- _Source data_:
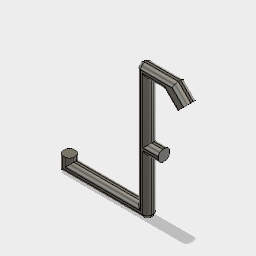
pegboard-hook-001 (Autodesk Fusion 360 design; units mm, degrees)
Autodesk Fusion 360 part; units mm, degrees
sketch "スケッチ3" plane through (0, 0, 0) normal (0, 1, 0) x (1, 0, 0)
  line L0 (5, -5) -> (10, -5)
  line L1 (10, -5) -> (10, -10)
  line L2 (10, -10) -> (5, -10)
  line L3 (5, -10) -> (5, -5)
  line L4 (-10, 0) -> (-5, 0)
  line L5 (-5, 0) -> (-5, 60)
  line L6 (-5, 60) -> (-10, 60)
  line L7 (-10, 60) -> (-10, 0)
  line L8 (10, 10) -> (10, 5)
  line L9 (10, 5) -> (17, 5)
  line L10 (17, 10) -> (10, 10)
  line L11 (-5, 55) -> (-10, 55)
  line L12 (-10, 55) -> (-10, 0)
  line L13 (-10, 0) -> (-5, 0)
  line L14 (-5, 0) -> (-5, 55)
  line L15 (5, 0) -> (10, 0)
  line L16 (10, 0) -> (10, 60)
  line L17 (10, 60) -> (5, 60)
  line L18 (5, 60) -> (5, 0)
  line L19 (-5, 10) -> (-5, 5)
  line L20 (-5, 5) -> (30, 5)
  line L21 (30, 5) -> (30, 10)
  line L22 (30, 10) -> (-5, 10)
  line L23 (17, 5) -> (17, 10)
  dimension "d4" = 5
  dimension "d5" = 5
  measures "d4" distance of L0 L2
  measures "d5" distance of L1 L3
  measures "d17" distance of L11.end
extrude "押し出し2" add sketch "スケッチ3" along normal blind 60 contours L0 L1 L2 L3
sketch "スケッチ4" plane through (10, 0, 0) normal (1, 0, 0) x (0, 0, -1)
  line L0 (-10, 0) -> (-5, 0)
  line L1 (-5, 0) -> (-5, 60)
  line L2 (-5, 60) -> (-10, 60)
  line L3 (-10, 60) -> (-10, 0)
  line L4 (-10, 60) -> (-5, 60)
  line L5 (-5, 60) -> (-5, 55)
  line L6 (-5, 55) -> (-10, 55)
  line L7 (-10, 55) -> (-10, 60)
  dimension "d10" = 5
  measures "d10" distance of L4 L6
extrude "押し出し4" add sketch "スケッチ4" along normal blind 12 contours L1 L2 L3 L4 L5 L6 L7
chamfer "面取り1" distance 5 angle 45 1 edges at (22, 55, 7.5)
extrude "押し出し9" add 1 faces at (20.3337, 58.3327, 6.6667) along direction (0.707107, -0.707107, 0) blind 8
sketch "スケッチ5" plane through (0, 55, 0) normal (0, -1, 0) x (1, 0, 0)
  line L0 (10, 10) -> (10, 5)
  line L1 (10, 5) -> (17, 5)
  line L2 (17, 10) -> (10, 10)
  line L3 (17, 10) -> (12, 10)
  line L4 (12, 10) -> (12, 5)
  line L5 (12, 5) -> (17, 5)
  line L6 (17, 5) -> (17, 10)
  line L7 (17, 5) -> (17, 10)
  dimension "d13" = 5
  measures "d13" distance of L4 L6
sketch "スケッチ7" plane through (10, 0, 0) normal (1, 0, 0) x (0, 0, -1)
  line L0 (-5, 55) -> (-10, 55)
  line L1 (-10, 55) -> (-10, 0)
  line L2 (-10, 0) -> (-5, 0)
  line L3 (-5, 0) -> (-5, 55)
  line L4 (-10, 30) -> (-5, 30)
  line L5 (-5, 30) -> (-5, 25)
  line L6 (-5, 25) -> (-10, 25)
  line L7 (-10, 25) -> (-10, 30)
  dimension "d17" = 25
  dimension "d18" = 5
  measures "d17" distance of L0.end L4
  measures "d18" distance of L4 L6
extrude "押し出し6" add sketch "スケッチ7" along normal blind 5 contours L1 L3 L4 L5 L6 L7
sketch "スケッチ8" plane through (5, 0, 0) normal (-1, 0, 0) x (0, 0, 1)
  line L0 (5, 0) -> (10, 0)
  line L1 (10, 0) -> (10, 60)
  line L2 (10, 60) -> (5, 60)
  line L3 (5, 60) -> (5, 0)
  line L4 (5, 0) -> (10, 0)
  line L5 (10, 0) -> (10, 5)
  line L6 (10, 5) -> (5, 5)
  line L7 (5, 5) -> (5, 0)
  dimension "d21" = 5
  measures "d21" distance of L4 L6
extrude "押し出し7" add sketch "スケッチ8" along normal blind 35 contours L0 L1 L3 L4 L5 L6 L7
sketch "スケッチ9" plane through (0, 5, 0) normal (0, 1, 0) x (-1, 0, 0)
  line L0 (-5, 10) -> (-5, 5)
  line L1 (-5, 5) -> (30, 5)
  line L2 (30, 5) -> (30, 10)
  line L3 (30, 10) -> (-5, 10)
  line L4 (30, 5) -> (25, 5)
  line L5 (25, 5) -> (25, 10)
  line L6 (25, 10) -> (30, 10)
  line L7 (30, 10) -> (30, 5)
  dimension "d24" = 5
  measures "d24" distance of L1.end L5
extrude "押し出し8" add sketch "スケッチ9" along normal blind 2 contours L1 L2 L3 L4 L5 L6 L7
fillet "フィレット6" radius 2 8 edges at (13.5, 60, 10) (13.5, 60, 5) (13.5, 55, 10) (13.5, 55, 5) (19.8284, 52.1716, 5) (24.8284, 57.1716, 5) (24.8284, 57.1716, 10) (19.8284, 52.1716, 10)
fillet "フィレット7" radius 2 13 edges at (5, 31.5, 5) (5, 59.4142, 5.5858) (5, 60, 7.5) (5, 59.4142, 9.4142) (5, 31.5, 10) (10, 43.5, 5) (10, 43.5, 10) (12.5, 30, 5) (12.5, 30, 10) (12.5, 25, 10) (10, 12.5, 10) (10, 12.5, 5) (12.5, 25, 5)
fillet "フィレット8" radius 2 11 edges at (-9, 5, 10) (-9, 5, 5) (-11, 0, 5) (9.4142, 0, 5.5858) (10, 0, 7.5) (9.4142, 0, 9.4142) (-11, 0, 10) (-30, 3.5, 5) (-30, 3.5, 10) (-25, 6, 10) (-25, 6, 5)

- _Exercise_: Nothing but a number is expected here: how many lines above include the string "radius".

- _Task answer_: 3